(Adnkronos) – Warfare that deploys nuclear weapons “is a crime against humanity”, Italy’s president Sergio Mattarella wrote on the 80th anniversary of the United States’ bombing of the Japanese city of Hiroshima at the end of World War II.
“Today, in a global scenario marked by wars, growing tensions and conflicts, it must be strongly underlined that the use or even the threat of introducing nuclear weapons into armed conflicts can only be considered a crime against humanity,” Mattarella wrote in a statement.
“The global architecture of disarmament and non-proliferation of nuclear weapons, one of the cornerstones of the multilateral system painstakingly built after the Second World War, cannot be jettisoned, with the risk of further escalating hostilities,” the statement continued.

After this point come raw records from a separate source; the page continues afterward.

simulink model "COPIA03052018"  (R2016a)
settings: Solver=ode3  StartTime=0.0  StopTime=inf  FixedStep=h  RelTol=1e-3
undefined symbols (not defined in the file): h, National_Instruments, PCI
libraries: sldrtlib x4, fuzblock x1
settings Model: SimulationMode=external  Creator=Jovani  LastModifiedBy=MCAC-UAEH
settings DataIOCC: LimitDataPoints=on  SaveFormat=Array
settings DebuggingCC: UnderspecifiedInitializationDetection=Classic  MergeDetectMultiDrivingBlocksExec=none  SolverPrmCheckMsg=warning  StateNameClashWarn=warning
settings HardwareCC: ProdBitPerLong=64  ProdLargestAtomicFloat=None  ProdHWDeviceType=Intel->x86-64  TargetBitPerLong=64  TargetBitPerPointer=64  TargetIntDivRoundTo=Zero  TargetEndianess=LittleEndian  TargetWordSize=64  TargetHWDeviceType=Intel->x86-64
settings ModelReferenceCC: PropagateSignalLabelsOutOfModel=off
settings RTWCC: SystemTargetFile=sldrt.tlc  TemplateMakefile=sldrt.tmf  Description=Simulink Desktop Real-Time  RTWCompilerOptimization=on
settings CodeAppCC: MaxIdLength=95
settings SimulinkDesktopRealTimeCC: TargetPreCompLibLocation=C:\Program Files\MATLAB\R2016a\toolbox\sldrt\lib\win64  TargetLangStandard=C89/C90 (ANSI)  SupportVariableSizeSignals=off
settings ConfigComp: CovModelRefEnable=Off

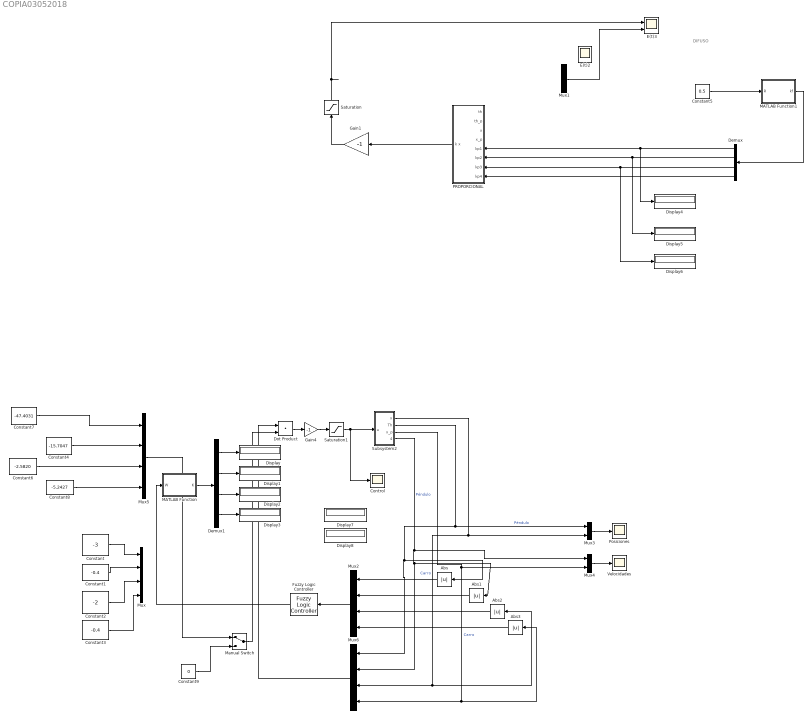
== system COPIA03052018 ==
  note: DIFUSO
  Abs{,1..3} (4 alike) : Abs
  Constant : Constant  Value=-3
  Constant1 : Constant  Value=-0.4
  Constant2 : Constant  Value=-2
  Constant3 : Constant  Value=-0.4
  Constant4 : Constant  Value=-15.7047
  Constant5 : Constant  Value=0.5
  Constant6 : Constant  Value=-2.5820
  Constant7 : Constant  Value=-47.4031
  Constant8 : Constant  Value=-5.2427
  Constant9 : Constant  Value=0
  "Control " : Scope
  Demux : Demux
  Demux1 : Demux
  Display{,1..8} (9 alike) : Display
  Dot Product : DotProduct  InputSameDT=on  OutDataTypeStr=Inherit: Inherit via internal rule
  E(t)2 : Scope  NumInputPorts=4
  E(t)3 : Scope  NumInputPorts=2
  Fuzzy Logic Controller : fuzblock/Fuzzy Logic  Controller  fis=P_T
  Gain1 : Gain  Gain=-1
  Gain4 : Gain  Gain=-1
  MATLAB Function : MATLAB Function  TreatAsAtomicUnit=on
  MATLAB Function1 : MATLAB Function  TreatAsAtomicUnit=on
  Manual Switch : ManualSwitch
  Mux{,1..2,5..6} (5 alike) : Mux
  Mux3 : Mux  Inputs=2
  Mux4 : Mux  Inputs=2
  PROPORCIONAL : Subsystem
  Posiciones : Scope
  Saturation : Saturate  UpperLimit=7.5  LowerLimit=-7.5
  Saturation1 : Saturate  UpperLimit=7.5  LowerLimit=-7.5
  Subsystem2 : Subsystem
  Velocidades : Scope
  wires:
  Gain1/1 -> Saturation/1
  ? -> PROPORCIONAL/2(th_p), Mux1/4, E(t)2/3
  ? -> E(t)2/4, Mux1/3, PROPORCIONAL/4(x_p)
  ? -> E(t)2/2, Mux1/2, PROPORCIONAL/1(th)
  ? -> E(t)2/1, Mux1/1, PROPORCIONAL/3(x)
  Mux1/1 -> E(t)3/2
  PROPORCIONAL/1(k x) -> Gain1/1
  Saturation/1 -> E(t)3/1
  Constant5/1 -> MATLAB Function1/1(R)
  MATLAB Function1/1(kf) -> Demux/1
  Demux/1 -> Display4/1, PROPORCIONAL/5(kp1)
  Demux/2 -> Display5/1, PROPORCIONAL/6(kp2)
  Demux/3 -> Display6/1, PROPORCIONAL/7(kp3)
  Demux/4 -> PROPORCIONAL/8(kp4)
  Demux1/1 -> Display/1
  Demux1/2 -> Display1/1
  Demux1/3 -> Display2/1
  Demux1/4 -> Display3/1
  MATLAB Function/1(K) -> Demux1/1
  Dot Product/1 -> Gain4/1
  Mux3/1 -> Posiciones/1
  Mux4/1 -> Velocidades/1
  Subsystem2/1(x) -> Mux3/2, Mux6/3, Abs2/1  "Carro"
  Subsystem2/4(th_p) -> Mux6/2, Abs1/1, Mux4/1  "Péndulo"
  Subsystem2/2(Th) -> Mux3/1, Mux6/1, Abs/1  "Péndulo"
  Subsystem2/3(x_p) -> Mux6/4, Abs3/1, Mux4/2  "Carro"
  Abs/1 -> Mux2/1
  Abs1/1 -> Mux2/2
  Abs2/1 -> Mux2/3
  Abs3/1 -> Mux2/4
  Constant/1 -> Mux/1
  Constant1/1 -> Mux/2
  Constant2/1 -> Mux/3
  Constant3/1 -> Mux/4
  Constant6/1 -> Mux5/3
  Constant7/1 -> Mux5/1
  Constant4/1 -> Mux5/2
  Constant8/1 -> Mux5/4
  Mux5/1 -> Manual Switch/1
  Constant9/1 -> Manual Switch/2
  Manual Switch/1 -> Dot Product/2
  Mux6/1 -> Dot Product/1
  Mux2/1 -> Fuzzy Logic Controller/1
  Fuzzy Logic Controller/1 -> MATLAB Function/1(W)
  Gain4/1 -> Saturation1/1
  Saturation1/1 -> "Control "/1, Subsystem2/1(u)

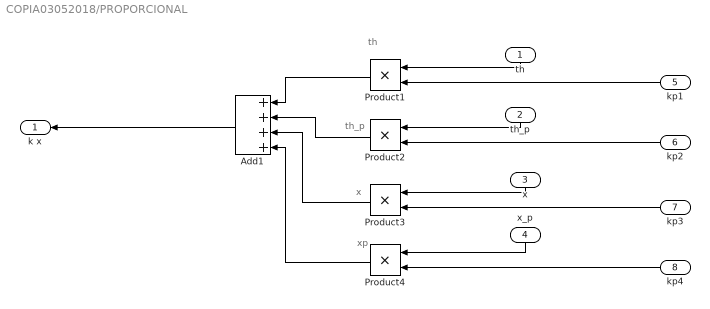
== system COPIA03052018/PROPORCIONAL ==
  note: xp
  note: x
  note: th_p
  note: th
  th : Inport
  th_p : Inport  Port=2
  x : Inport  Port=3
  x_p : Inport  Port=4
  kp1 : Inport  Port=5
  kp2 : Inport  Port=6
  kp3 : Inport  Port=7
  kp4 : Inport  Port=8
  Add1 : Sum  Inputs=++++
  Product{1..4} (4 alike) : Product
  k x : Outport
  wires:
  x_p/1 -> Product4/1
  x/1 -> Product3/1
  th_p/1 -> Product2/1
  th/1 -> Product1/1
  Add1/1 -> k x/1
  Product4/1 -> Add1/4
  Product3/1 -> Add1/3
  Product2/1 -> Add1/2
  Product1/1 -> Add1/1
  kp3/1 -> Product3/2
  kp1/1 -> Product1/2
  kp2/1 -> Product2/2
  kp4/1 -> Product4/2

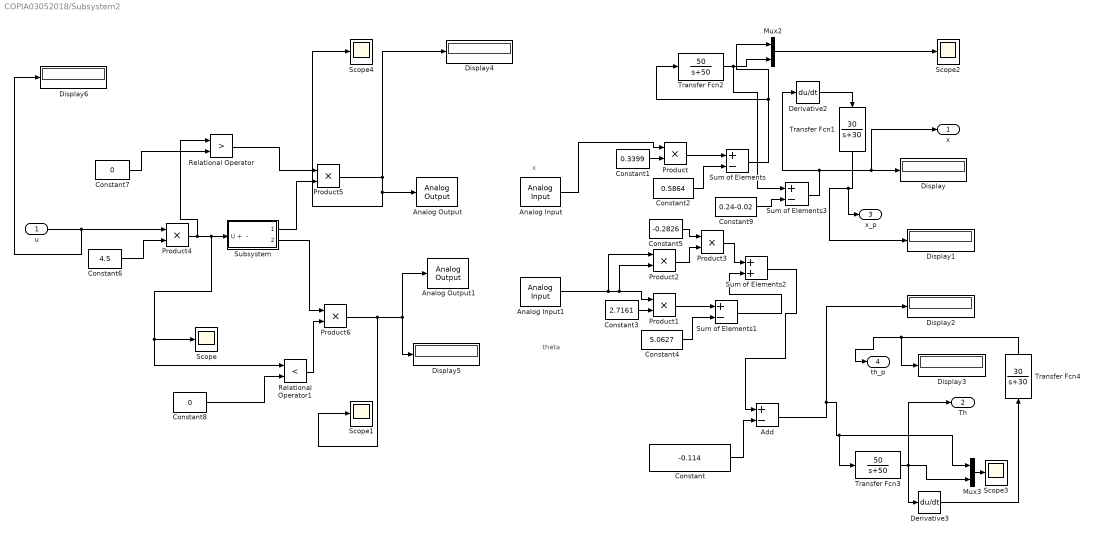
== system COPIA03052018/Subsystem2 ==
  note: x
  note: theta
  u : Inport
  Add : Sum  Inputs=+-
  Analog Input : sldrtlib/Analog Input  SampleTime=h  MaxMissedTicks=10  ShowMissedTicks=off  YieldWhenWaiting=off  DrvName=National_Instruments/PCI-6071E  DrvAddress=0  DrvOptions=[0 0 0 0 0 0]  Channels=1  RangeMode=1  VoltRange=10  DataType=1
      settings: AttributesFormatString=National Instruments\nPCI-6071E [0h]
  Analog Input1 : sldrtlib/Analog Input  SampleTime=h  MaxMissedTicks=10  ShowMissedTicks=off  YieldWhenWaiting=off  DrvName=National_Instruments/PCI-6071E  DrvAddress=0  DrvOptions=[0 0 0 0 0 0]  Channels=2  RangeMode=1  VoltRange=10  DataType=1
      settings: AttributesFormatString=National Instruments\nPCI-6071E [0h]
  Analog Output : sldrtlib/Analog Output  SampleTime=h  MaxMissedTicks=10  ShowMissedTicks=off  YieldWhenWaiting=off  DrvName=National_Instruments/PCI-6071E  DrvAddress=0  DrvOptions=[0 0 0 0 0 0]  Channels=1  RangeMode=1  VoltRange=1  InitialValue=[]  FinalValue=[]
      settings: AttributesFormatString=National Instruments\nPCI-6071E [0h]
  Analog Output1 : sldrtlib/Analog Output  SampleTime=h  MaxMissedTicks=10  ShowMissedTicks=off  YieldWhenWaiting=off  DrvName=National_Instruments/PCI-6071E  DrvAddress=0  DrvOptions=[0 0 0 0 0 0]  Channels=2  RangeMode=1  VoltRange=1  InitialValue=[]  FinalValue=[]
      settings: AttributesFormatString=National Instruments\nPCI-6071E [0h]
  Constant : Constant  Value=-0.114
  Constant1 : Constant  Value=0.3399
  Constant2 : Constant  Value=0.5864
  Constant3 : Constant  Value=2.7161
  Constant4 : Constant  Value=5.0627
  Constant5 : Constant  Value=-0.2826
  Constant6 : Constant  Value=4.5
  Constant7 : Constant  Value=0
  Constant8 : Constant  Value=0
  Constant9 : Constant  Value=0.24-0.02
  Derivative2 : Derivative
  Derivative3 : Derivative
  Display{,1..6} (7 alike) : Display
  Mux2 : Mux  Inputs=2
  Mux3 : Mux  Inputs=2
  Product{,1..6} (7 alike) : Product
  Relational Operator : RelationalOperator  Operator=>  OutDataTypeStr=boolean
  Relational Operator1 : RelationalOperator  Operator=<  OutDataTypeStr=boolean
  Scope{,1..4} (5 alike) : Scope
  Subsystem : Subsystem
  Sum of Elements : Sum  Inputs=+-
  Sum of Elements1 : Sum  Inputs=+-
  Sum of Elements2 : Sum
  Sum of Elements3 : Sum  Inputs=+-
  Transfer Fcn1 : TransferFcn  Numerator=[30]  Denominator=[1 30]
  Transfer Fcn2 : TransferFcn  Numerator=[50]  Denominator=[1 50]
  Transfer Fcn3 : TransferFcn  Numerator=[50]  Denominator=[1 50]
  Transfer Fcn4 : TransferFcn  Numerator=[30]  Denominator=[1 30]
  x : Outport
  Th : Outport  Port=2
  x_p : Outport  Port=3
  th_p : Outport  Port=4
  wires:
  Transfer Fcn4/1 -> th_p/1, Display3/1
  Transfer Fcn1/1 -> x_p/1, Display1/1
  Transfer Fcn3/1 -> Mux3/2, Derivative3/1, Th/1
  Mux3/1 -> Scope3/1
  Transfer Fcn2/1 -> Mux2/2, Sum of Elements3/1
  Mux2/1 -> Scope2/1
  Derivative3/1 -> Transfer Fcn4/1
  Derivative2/1 -> Transfer Fcn1/1
  Subsystem/2(neg ++) -> Product6/1
  Subsystem/1(pos ++) -> Product5/2
  Constant/1 -> Add/2
  Sum of Elements2/1 -> Add/1
  Relational Operator/1 -> Product5/1
  Product6/1 -> Scope1/1, Analog Output1/1, Display5/1
  Relational Operator1/1 -> Product6/2
  Constant8/1 -> Relational Operator1/2
  Product5/1 -> Scope4/1, Analog Output/1, Display4/1
  Constant7/1 -> Relational Operator/2
  Product4/1 -> Subsystem/1(U +  -), Scope/1, Relational Operator1/1, Relational Operator/1
  Constant6/1 -> Product4/2
  u/1 -> Product4/1, Display6/1
  Sum of Elements1/1 -> Sum of Elements2/2
  Product3/1 -> Sum of Elements2/1
  Product2/1 -> Product3/2
  Constant5/1 -> Product3/1
  Constant4/1 -> Sum of Elements1/2
  Constant3/1 -> Product1/2
  Product1/1 -> Sum of Elements1/1
  Sum of Elements/1 -> Transfer Fcn2/1, Mux2/1
  Constant2/1 -> Sum of Elements/2
  Constant1/1 -> Product/2
  Product/1 -> Sum of Elements/1
  Analog Input/1 -> Product/1
  Analog Input1/1 -> Product1/1, Product2/2, Product2/1
  Add/1 -> Mux3/1, Transfer Fcn3/1, Display2/1
  Constant9/1 -> Sum of Elements3/2
  Sum of Elements3/1 -> x/1, Display/1, Derivative2/1

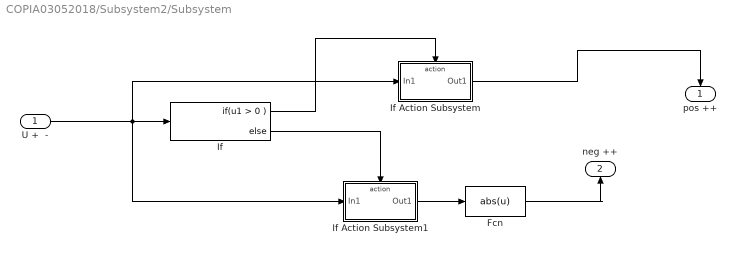
== system COPIA03052018/Subsystem2/Subsystem ==
  U +  - : Inport
  Fcn : Fcn  Expr=abs(u)
  If : If  IfExpression=u1 > 0
  If Action Subsystem : Subsystem  TreatAsAtomicUnit=on
  If Action Subsystem1 : Subsystem  TreatAsAtomicUnit=on
  pos ++ : Outport
  neg ++ : Outport  Port=2
  wires:
  Fcn/1 -> neg ++/1
  If Action Subsystem1/1(Out1) -> Fcn/1
  If Action Subsystem/1(Out1) -> pos ++/1
  If/2 -> If Action Subsystem1/Action
  U +  -/1 -> If/1, If Action Subsystem/1(In1), If Action Subsystem1/1(In1)
  If/1 -> If Action Subsystem/Action

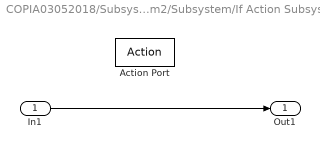
== system COPIA03052018/Subsystem2/Subsystem/If Action Subsystem ==
  In1 : Inport
  Action Port : ActionPort  ActionType=then
  Out1 : Outport
  wires:
  In1/1 -> Out1/1

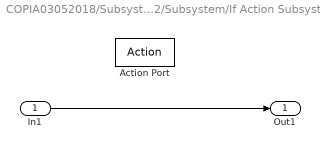
== system COPIA03052018/Subsystem2/Subsystem/If Action Subsystem1 ==
  In1 : Inport
  Action Port : ActionPort  ActionType=else
  Out1 : Outport
  wires:
  In1/1 -> Out1/1

== matlab function COPIA03052018/MATLAB Function1 ==
  data: R input; kf output
function kf = fcn(R)
%#codegen
%kf=[-60.1155,-15.6512,-6.3246,-10.4452];
kf=[-60.1155,-15.6512,-6.3246,-10.4452];

end

== matlab function COPIA03052018/MATLAB Function ==
  data: W input; K output
function K = fcn(W)
Wn1=W(1);
Xi1=W(2);
Wn2=W(3);
Xi2=W(4);
K3=Wn2^2*Wn1^2*(1/-7.3923);
K4=(1/-7.3923)*(2*Xi1*Wn1*Wn2^2+2*Xi2*Wn2*Wn1^2);
K1=(1/-0.755)*(Wn2^2+4*Xi1*Wn1*Xi2*Wn2+Wn1^2-5.92);
K2=(1/-0.755)*(2*Xi2*Wn2+2*Xi1*Wn1-0.6173*K4);

K=[K1 K2 K3 K4];

“Fifty years after the ratification of the Non-Proliferation Treaty (NPT), Italy reiterates its goal of a world free of nuclear weapons and the boosting to maximum strength of the international watchdogs created for this purpose,” the statement added.
The uranium bomb dropped on Hiroshima on 6 August 1945 and the plutonium bomb unleashed by the US on the Japanese city of Nagasaki three days later were “apocalyptic experiences” that “sowed death and destruction on a previously unknown scale” and which represent “an unforgettable warning for humanity,” Mattarella wrote.